M\"uller, Ivo F. Sbalzarini
- Abstract summary: We present STENCIL-NET, an artificial neural network architecture for data-driven learning of problem- and resolution-specific local discretizations of nonlinear PDEs.
Knowing the actual PDE is not necessary, as solution data is sufficient to train the network to learn the discrete operators.
A once-trained STENCIL-NET model can be used to predict solutions of the PDE on larger domains and for longer times than it was trained for.

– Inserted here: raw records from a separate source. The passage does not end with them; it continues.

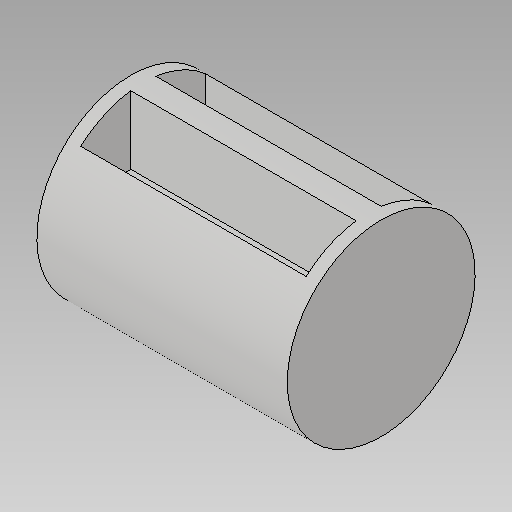
# Autodesk Inventor part: Rounded_beam_body-01
Saved by Autodesk Inventor 2020 (Build 240168000, 168)
## iProperties
Created: 2019-02-05
Part Number: Rounded_beam_body-01
Material: Generic
Document SubType Name: Modeling
Designer: Varga Daniel
Density: 1 g/cm^3
Appearance: Default
Beam_body_length: 10,000 mm
Author: Varga Daniel
Autodesk Inventor part; units mm, degrees
ref_plane "YZ Plane" through (0, 0, 0) normal (1, 0, 0) x (0, 1, 0)
ref_plane "XZ Plane" through (0, 0, 0) normal (0, 1, 0) x (-1, 0, 0)
ref_plane "XY Plane" through (0, 0, 0) normal (0, 0, 1) x (1, 0, 0)
derived "Connector_pin_base.ipt"
sketch "Pin_base_sketch" plane through (0, 0, 0) normal (0, 0, 1) x (1, 0, 0)
  line L0 (0, 0) -> (23.0918, 0) construction
  line L1 (0, 0) -> (0, 6.22) construction
  line L2 (0, 3.75) -> (0.525, 3.75)
  line L3 (0.825, 3.45) -> (0.825, 2.4)
  line L4 (0.825, 2.4) -> (9.225, 2.4)
  line L5 (0, 0) -> (0, 3.75)
  line L6 (0, 0) -> (3.25, 0)
  arc A0 (0.825, 3.45) -> (0.525, 3.75) centre (0.525, 3.45) ccw
  line L7 (0.825, 2.4) -> (0.825, 0.575)
  line L8 (0, 0) -> (-23.0918, 0) construction
  line L9 (9.225, 2.4) -> (9.225, 0.575)
  line L10 (10.025, 2.4) -> (10.025, 2.1865) construction
  line L11 (9.225, 2.4) -> (10.025, 2.4) construction
  line L12 (9.625, 2.4) -> (9.625, 0) construction
  line L13 (10.1291, 2.615) -> (7.4184, 2.615) construction
  line L14 (10.025, 0.575) -> (9.225, 0.575) construction
  line L15 (10.025, 0.575) -> (10.025, 0)
  arc A1 (7.1, 0.575) -> (6.525, 0) centre (7.1, 0) ccw construction
  line L16 (9.225, 0.575) -> (7.1, 0.575) construction
  line L17 (9.225, 0.575) -> (9.225, 0)
  line L18 (0, 0.575) -> (0.825, 0.575) construction
  arc A2 (3.25, 0) -> (2.675, 0.575) centre (2.675, 0) ccw construction
  line L19 (0.825, 0.575) -> (0.825, 0)
  line L20 (0.825, 0.575) -> (2.675, 0.575) construction
  line L21 (0, 0) -> (-3.25, 0)
  line L22 (0, 3.75) -> (-0.525, 3.75)
  line L23 (-0.825, 3.45) -> (-0.825, 2.4)
  arc A3 (-0.525, 3.75) -> (-0.825, 3.45) centre (-0.525, 3.45) ccw
  line L24 (-0.825, 2.4) -> (-0.825, 0.575)
  line L25 (-0.825, 0.575) -> (-0.825, 0)
  line L26 (0, 0.575) -> (-0.825, 0.575) construction
  line L27 (-0.825, 2.4) -> (-9.225, 2.4)
  line L28 (-9.225, 2.4) -> (-9.225, 0)
  line L29 (-10.875, 2.4) -> (-10.875, 0)
  line L30 (-10.5179, 2.55) -> (-9.5821, 2.55)
  line L31 (-10.05, 2.55) -> (-10.05, 0) construction
  line L32 (-9.225, 2.4) -> (-10.875, 2.4) construction
  arc A4 (-10.5179, 2.55) -> (-10.875, 2.4) centre (-10.5179, 2.05) ccw
  arc A5 (-9.225, 2.4) -> (-9.5821, 2.55) centre (-9.5821, 2.05) ccw
  line L33 (-10.875, 2.4) -> (-19.275, 2.4)
  line L34 (-19.275, 2.4) -> (-19.275, 0)
  line L35 (-19.275, 0) -> (-16.575, 0)
  line L36 (-19.275, 2.4) -> (-20.075, 2.4) construction
  line L37 (-20.075, 2.4) -> (-20.075, 2.1865) construction
  line L38 (-20.075, 0) -> (-19.275, 0)
  line L39 (-19.675, 2.4) -> (-19.675, 0) construction
  line L40 (-19.6465, 2.615) -> (-17.4324, 2.615) construction
  line L41 (-0.825, 0.575) -> (-2.675, 0.575) construction
  arc A6 (-2.675, 0.575) -> (-3.25, 0) centre (-2.675, 0) ccw construction
  line L42 (-12.725, 0.575) -> (-7.375, 0.575) construction
  arc A7 (-6.8, 0) -> (-7.375, 0.575) centre (-7.375, 0) ccw construction
  arc A8 (-12.725, 0.575) -> (-13.3, 0) centre (-12.725, 0) ccw construction
  line L43 (-20.075, 0.575) -> (-17.15, 0.575) construction
  arc A9 (-16.575, 0) -> (-17.15, 0.575) centre (-17.15, 0) ccw construction
  line L44 (-16.575, 0) -> (-13.3, 0)
  line L45 (-20.075, 0.575) -> (-20.075, 0)
  line L46 (-13.3, 0) -> (-10.875, 0)
  line L47 (-6.8, 0) -> (-10.875, 0)
  line L48 (-3.25, 0) -> (-6.8, 0)
  line L49 (3.25, 0) -> (6.525, 0)
  line L50 (6.525, 0) -> (10.025, 0)
  arc A10 (-17.15, -0.575) -> (-16.575, 0) centre (-17.15, 0) ccw construction
  line L51 (-20.075, -0.575) -> (-20.075, 0) construction
  line L52 (-20.075, -0.575) -> (-17.15, -0.575) construction
  line L53 (-12.725, -0.575) -> (-7.375, -0.575) construction
  arc A11 (-13.3, 0) -> (-12.725, -0.575) centre (-12.725, 0) ccw construction
  arc A12 (-7.375, -0.575) -> (-6.8, 0) centre (-7.375, 0) ccw construction
  arc A13 (-3.25, 0) -> (-2.675, -0.575) centre (-2.675, 0) ccw construction
  line L54 (-0.825, -0.575) -> (-2.675, -0.575) construction
  line L55 (0, -0.575) -> (-0.825, -0.575) construction
  line L56 (0, -0.575) -> (0.825, -0.575) construction
  line L57 (0.825, -0.575) -> (2.675, -0.575) construction
  arc A14 (2.675, -0.575) -> (3.25, 0) centre (2.675, 0) ccw construction
  arc A15 (6.525, 0) -> (7.1, -0.575) centre (7.1, 0) ccw construction
  line L58 (9.225, -0.575) -> (7.1, -0.575) construction
  line L59 (10.025, -0.575) -> (9.225, -0.575) construction
  line L60 (10.025, -0.575) -> (10.025, 0) construction
  line L61 (-0.025, 0) -> (-0.025, 4.3146) construction
  line L62 (0.025, 0) -> (0.025, 4.3146) construction
  line L63 (-10.075, 0) -> (-10.075, 4.2477) construction
  line L64 (-10.025, 0) -> (-10.025, 4.2339) construction
  arc A16 (-19.275, 2.4) -> (-20.075, 2.1865) centre (-19.6465, 2.1865) ccw
  line L65 (-20.075, 2.1865) -> (-20.075, 0.575)
  arc A17 (10.025, 2.1865) -> (9.225, 2.4) centre (9.5965, 2.1865) ccw
  line L66 (10.025, 2.1865) -> (10.025, 0.575)
derived "Base_part.ipt"
sketch "Sketch3" plane through (0, 0, 0) normal (1, 0, 0) x (0, 1, 0)
  circle A0 centre (0, 0) radius 3.75
  dimension "d1" = 7.5
  constraints: 1 centre point, 1 coincident
  measures "d1" diameter of A0
extrude "Extrusion1" add sketch "Sketch3" along normal blind 10
sketch "Sketch4" plane through (0, 0, 0) normal (0, 1, 0) x (-1, 0, 0)
  line L0 (0, 0) -> (-73.1618, 0) construction
  line L1 (-10, 3.75) -> (-10, -3.75) construction
  line L2 (-0.5, -2.5) -> (-9.5, -2.5)
  line L3 (-9.5, -2.5) -> (-9.5, -0.5)
  line L4 (-9.5, -0.5) -> (-0.5, -0.5)
  line L5 (-0.5, -0.5) -> (-0.5, -2.5)
  line L6 (0, 0) -> (0, -9.7863) construction
  line L7 (-0.5, 2.5) -> (-9.5, 2.5)
  line L8 (-9.5, 2.5) -> (-9.5, 0.5)
  line L9 (-9.5, 0.5) -> (-0.5, 0.5)
  line L10 (-0.5, 0.5) -> (-0.5, 2.5)
  line L11 (-9.6324, -3.6841) -> (-9.6324, 3.75) construction
  line L12 (0, 3.75) -> (-10, 3.75) construction
  dimension "d4" = 0.5
  dimension "d5" = 2
  dimension "d6" = 9
  dimension "d15" = 0.5
  constraints: 22 end point, 4 symmetric about line, 3 perpendicular, 2 parallel, 1 horizontal, 1 point on line
  measures "d4" distance between parallel lines of L0 L4
  measures "d5" distance between parallel lines of L4 L2
  measures "d6" distance between parallel lines of L3 L5
  measures "d15" distance between parallel lines of L6 L5
extrude "Extrusion2" cut sketch "Sketch4" along normal through all both and the other way through all
extrude "Extrusion3" add sketch "Sketch4" along normal mid plane 2
equation "\"d1\" = Base_collar_diameter"
equation "\"d2\" = Beam_body_length"
equation "\"Beam_body_length\" = Body_count"
equation "\"Base_collar_diameter\" = 7.5"
equation "\"Body_count\" = 1"
body "Solid1"

- Score: 2.362412515574206
- License: http://creativecommons.org/licenses/by-nc-nd/4.0/
- Abstract: Numerical methods for approximately solving partial differential equations
(PDE) are at the core of scientific computing. Often, this requires
high-resolution or adaptive discretization grids to capture relevant
spatio-temporal features in the PDE solution, e.g., in applications like
turbulence, combustion, and shock propagation. Numerical approximation also
requires knowing the PDE in order to construct problem-specific
discretizations. Systematically deriving such solution-adaptive discrete
operators, however, is a current challenge. Here we present STENCIL-NET, an
artificial neural network architecture for data-driven learning of problem- and
resolution-specific local discretizations of nonlinear PDEs. STENCIL-NET
achieves numerically stable discretization of the operators in an unknown
nonlinear PDE by spatially and temporally adaptive parametric pooling on
regular Cartesian grids, and by incorporating knowledge about discrete time
integration. Knowing the actual PDE is not necessary, as solution data is
sufficient to train the network to learn the discrete operators. A once-trained
STENCIL-NET model can be used to predict solutions of the PDE on larger spatial
domains and for longer times than it was trained for, hence addressing the
problem of PDE-constrained extrapolation from data. To support this claim, we
present numerical experiments on long-term forecasting of chaotic PDE solutions
on coarse spatio-temporal grids. We also quantify the speed-up achieved by
substituting base-line numerical methods with equation-free STENCIL-NET
predictions on coarser grids with little compromise on accuracy.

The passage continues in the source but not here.